* [Exercise]
Return, from the listing that follows, each line containing the word "AIAA".

* [Data excerpts]
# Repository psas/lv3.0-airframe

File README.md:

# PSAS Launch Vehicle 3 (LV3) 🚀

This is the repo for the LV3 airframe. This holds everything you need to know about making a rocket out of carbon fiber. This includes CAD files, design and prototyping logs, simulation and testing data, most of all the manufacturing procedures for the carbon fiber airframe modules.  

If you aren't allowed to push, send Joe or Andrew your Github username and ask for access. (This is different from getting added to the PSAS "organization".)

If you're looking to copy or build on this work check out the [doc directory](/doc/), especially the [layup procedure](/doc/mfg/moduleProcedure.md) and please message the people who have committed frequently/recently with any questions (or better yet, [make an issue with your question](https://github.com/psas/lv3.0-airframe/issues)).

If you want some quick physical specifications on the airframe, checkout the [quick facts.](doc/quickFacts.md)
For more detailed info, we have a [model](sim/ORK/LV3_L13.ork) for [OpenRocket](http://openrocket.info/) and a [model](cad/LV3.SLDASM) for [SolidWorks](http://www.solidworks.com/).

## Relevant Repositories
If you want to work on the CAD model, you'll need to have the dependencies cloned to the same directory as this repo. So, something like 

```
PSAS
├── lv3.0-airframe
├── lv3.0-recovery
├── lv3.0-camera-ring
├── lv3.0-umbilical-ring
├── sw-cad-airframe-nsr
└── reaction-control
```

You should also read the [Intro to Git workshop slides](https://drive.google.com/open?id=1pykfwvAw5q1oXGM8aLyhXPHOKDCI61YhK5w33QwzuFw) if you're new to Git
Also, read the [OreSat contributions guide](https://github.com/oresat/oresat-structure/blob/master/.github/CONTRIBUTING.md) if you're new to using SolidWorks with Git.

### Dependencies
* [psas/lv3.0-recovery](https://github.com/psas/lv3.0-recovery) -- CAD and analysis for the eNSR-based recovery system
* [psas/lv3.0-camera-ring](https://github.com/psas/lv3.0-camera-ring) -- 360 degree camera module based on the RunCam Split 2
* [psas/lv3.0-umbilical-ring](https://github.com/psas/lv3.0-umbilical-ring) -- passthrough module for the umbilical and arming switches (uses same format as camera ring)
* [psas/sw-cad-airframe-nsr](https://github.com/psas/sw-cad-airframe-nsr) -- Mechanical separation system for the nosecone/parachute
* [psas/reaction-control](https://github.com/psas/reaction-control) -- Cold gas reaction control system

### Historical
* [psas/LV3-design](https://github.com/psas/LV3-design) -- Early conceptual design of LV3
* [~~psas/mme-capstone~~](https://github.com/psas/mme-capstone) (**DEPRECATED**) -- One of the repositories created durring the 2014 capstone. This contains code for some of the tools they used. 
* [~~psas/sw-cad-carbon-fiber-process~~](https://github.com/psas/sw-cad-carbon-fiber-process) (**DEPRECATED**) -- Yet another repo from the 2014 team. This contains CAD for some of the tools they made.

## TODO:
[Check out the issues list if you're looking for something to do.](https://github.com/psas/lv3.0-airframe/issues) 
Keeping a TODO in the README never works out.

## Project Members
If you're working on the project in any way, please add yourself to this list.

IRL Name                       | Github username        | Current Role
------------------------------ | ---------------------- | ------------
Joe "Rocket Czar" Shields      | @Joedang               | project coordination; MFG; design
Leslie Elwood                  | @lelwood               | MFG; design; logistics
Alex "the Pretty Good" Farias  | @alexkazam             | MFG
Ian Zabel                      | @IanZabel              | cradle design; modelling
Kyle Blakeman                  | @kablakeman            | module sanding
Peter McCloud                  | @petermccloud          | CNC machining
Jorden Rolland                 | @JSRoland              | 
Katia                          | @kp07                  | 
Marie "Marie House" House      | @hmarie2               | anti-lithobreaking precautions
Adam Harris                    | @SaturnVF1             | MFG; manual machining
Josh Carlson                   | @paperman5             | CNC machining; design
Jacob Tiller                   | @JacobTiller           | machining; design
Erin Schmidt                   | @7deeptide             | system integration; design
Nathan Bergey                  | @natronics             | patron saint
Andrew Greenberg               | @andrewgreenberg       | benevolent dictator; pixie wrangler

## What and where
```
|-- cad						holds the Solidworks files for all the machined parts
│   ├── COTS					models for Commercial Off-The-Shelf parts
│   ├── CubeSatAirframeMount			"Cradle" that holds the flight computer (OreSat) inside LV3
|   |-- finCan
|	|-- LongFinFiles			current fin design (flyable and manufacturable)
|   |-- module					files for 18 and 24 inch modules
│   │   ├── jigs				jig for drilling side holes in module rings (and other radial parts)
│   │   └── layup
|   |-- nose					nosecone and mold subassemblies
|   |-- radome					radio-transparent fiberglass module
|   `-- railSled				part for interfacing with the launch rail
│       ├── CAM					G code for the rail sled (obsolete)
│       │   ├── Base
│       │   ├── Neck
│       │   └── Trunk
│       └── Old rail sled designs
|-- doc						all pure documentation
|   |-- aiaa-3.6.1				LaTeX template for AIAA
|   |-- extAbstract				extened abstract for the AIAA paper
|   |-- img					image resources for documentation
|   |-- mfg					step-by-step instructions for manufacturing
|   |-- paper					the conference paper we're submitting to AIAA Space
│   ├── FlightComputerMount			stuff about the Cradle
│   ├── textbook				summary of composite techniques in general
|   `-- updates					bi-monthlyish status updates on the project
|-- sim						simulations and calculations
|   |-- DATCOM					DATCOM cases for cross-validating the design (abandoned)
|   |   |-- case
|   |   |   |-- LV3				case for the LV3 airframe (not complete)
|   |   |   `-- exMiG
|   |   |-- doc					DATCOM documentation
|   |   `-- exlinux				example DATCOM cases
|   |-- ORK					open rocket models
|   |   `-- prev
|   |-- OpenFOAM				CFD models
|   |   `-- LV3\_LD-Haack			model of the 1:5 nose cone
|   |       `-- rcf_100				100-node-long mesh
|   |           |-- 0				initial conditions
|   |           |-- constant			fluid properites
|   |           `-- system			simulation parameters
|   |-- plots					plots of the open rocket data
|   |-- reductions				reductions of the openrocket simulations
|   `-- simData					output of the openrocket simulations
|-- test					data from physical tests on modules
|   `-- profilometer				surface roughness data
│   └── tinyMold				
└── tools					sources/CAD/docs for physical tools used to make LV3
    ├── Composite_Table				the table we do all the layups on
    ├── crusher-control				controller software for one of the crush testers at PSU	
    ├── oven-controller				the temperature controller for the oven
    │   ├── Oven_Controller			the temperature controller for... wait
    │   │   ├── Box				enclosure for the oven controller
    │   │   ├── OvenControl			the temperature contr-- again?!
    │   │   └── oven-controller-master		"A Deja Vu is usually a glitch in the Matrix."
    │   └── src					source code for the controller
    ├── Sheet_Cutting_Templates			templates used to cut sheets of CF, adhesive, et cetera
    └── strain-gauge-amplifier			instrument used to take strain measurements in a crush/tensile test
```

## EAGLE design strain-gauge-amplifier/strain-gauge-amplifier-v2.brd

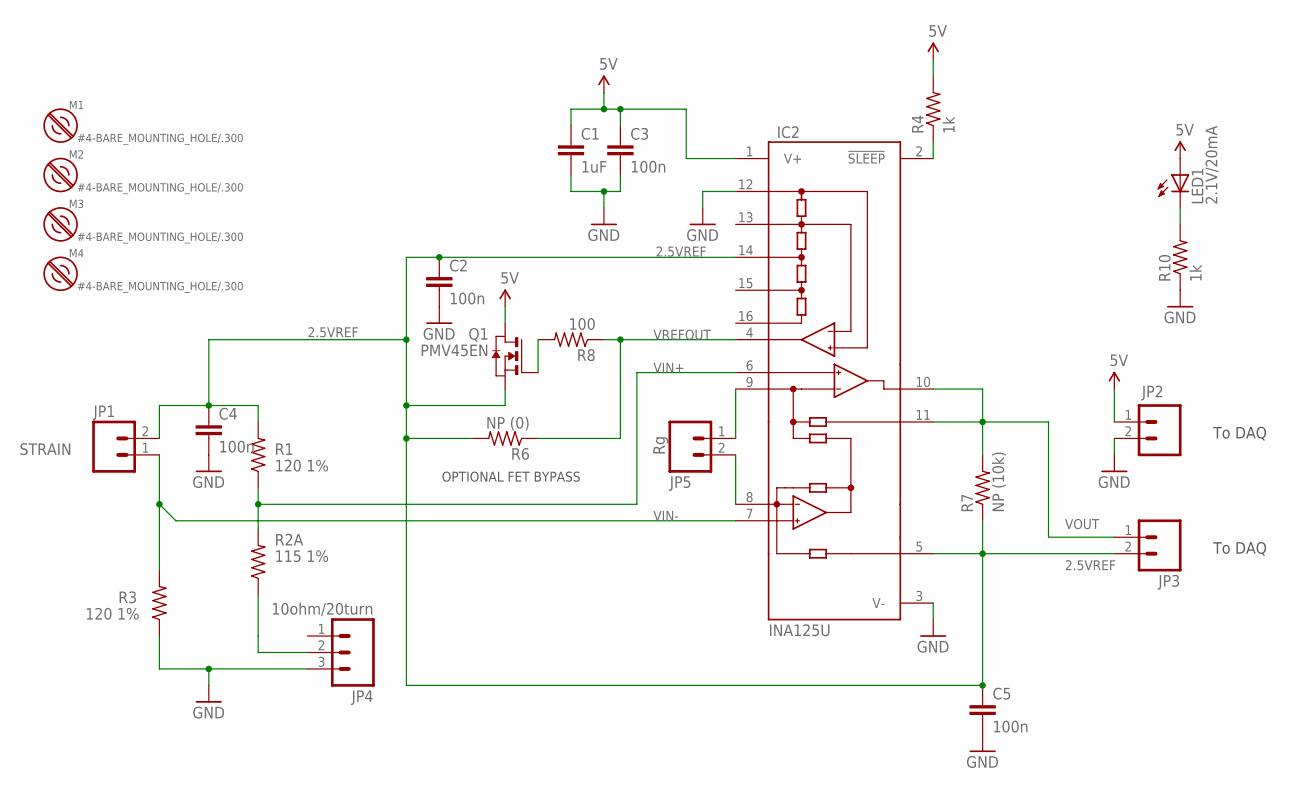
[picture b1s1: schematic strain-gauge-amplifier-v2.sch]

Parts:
C1: 1uF; 0805-C-NOSILK
C2, C3, C4, C5: 100n; 0805-C-NOSILK
IC2: INA125U; SO16-1
JP1: STRAIN; SCREWTERMINAL-5MM-2
JP2, JP3: M025MM; SCREWTERMINAL-5MM-2
JP4: 10ohm/20turn; 1X03_NO_SILK
JP5: Rg; SCREWTERMINAL-5MM-2
LED1: 2.1V/20mA; LED-0603
M1, M2, M3, M4: #4-BARE_MOUNTING_HOLE/.300; #4/.300-BARE+STD_NUT_OR_STAR_WASHER
Q1: PMV45EN; SOT23
R1, R3: 120 1%; 0805-C-NOSILK
R2A: 115 1%; 0805-C-NOSILK
R4, R10: 1k; 0805-C-NOSILK
R6: NP (0); 0805-C-NOSILK
R7: NP (10k); 0805-C-NOSILK
R8: 100; 0805-C-NOSILK

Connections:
2.5VREF: C2.1, C4.1, C5.1, IC2.5 (REF), IC2.14 (REF2.5), JP1.2, JP3.2, Q1.2 (S), R1.2, R6.2, R7.1
5V: C1.1, C3.1, IC2.1 (V+), JP2.1, LED1.A, Q1.3 (D), R4.2
GND: C1.2, C2.2, C3.2, C4.2, C5.2, IC2.3 (V-), IC2.12 (REFCOM), JP2.2, JP4.3, R3.1, R10.1
unnamed: JP4.2, R2A.1
unnamed: IC2.9 (RG), JP5.1
unnamed: IC2.8 (RG), JP5.2
unnamed: Q1.1 (G), R8.2
unnamed: IC2.2 (!SLEEP), R4.1
unnamed: LED1.C, R10.2
VIN+: IC2.6 (+IN), R1.1, R2A.2
VIN-: IC2.7 (-VIN), JP1.1, R3.2
VOUT: IC2.10 (OUT), IC2.11 (SENSE), JP3.1, R7.2
VREFOUT: IC2.4 (REFOUT), R6.1, R8.1

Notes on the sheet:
OPTIONAL FET BYPASS
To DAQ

* [Result]
|   |-- aiaa-3.6.1				LaTeX template for AIAA
|   |-- extAbstract				extened abstract for the AIAA paper
|   |-- paper					the conference paper we're submitting to AIAA Space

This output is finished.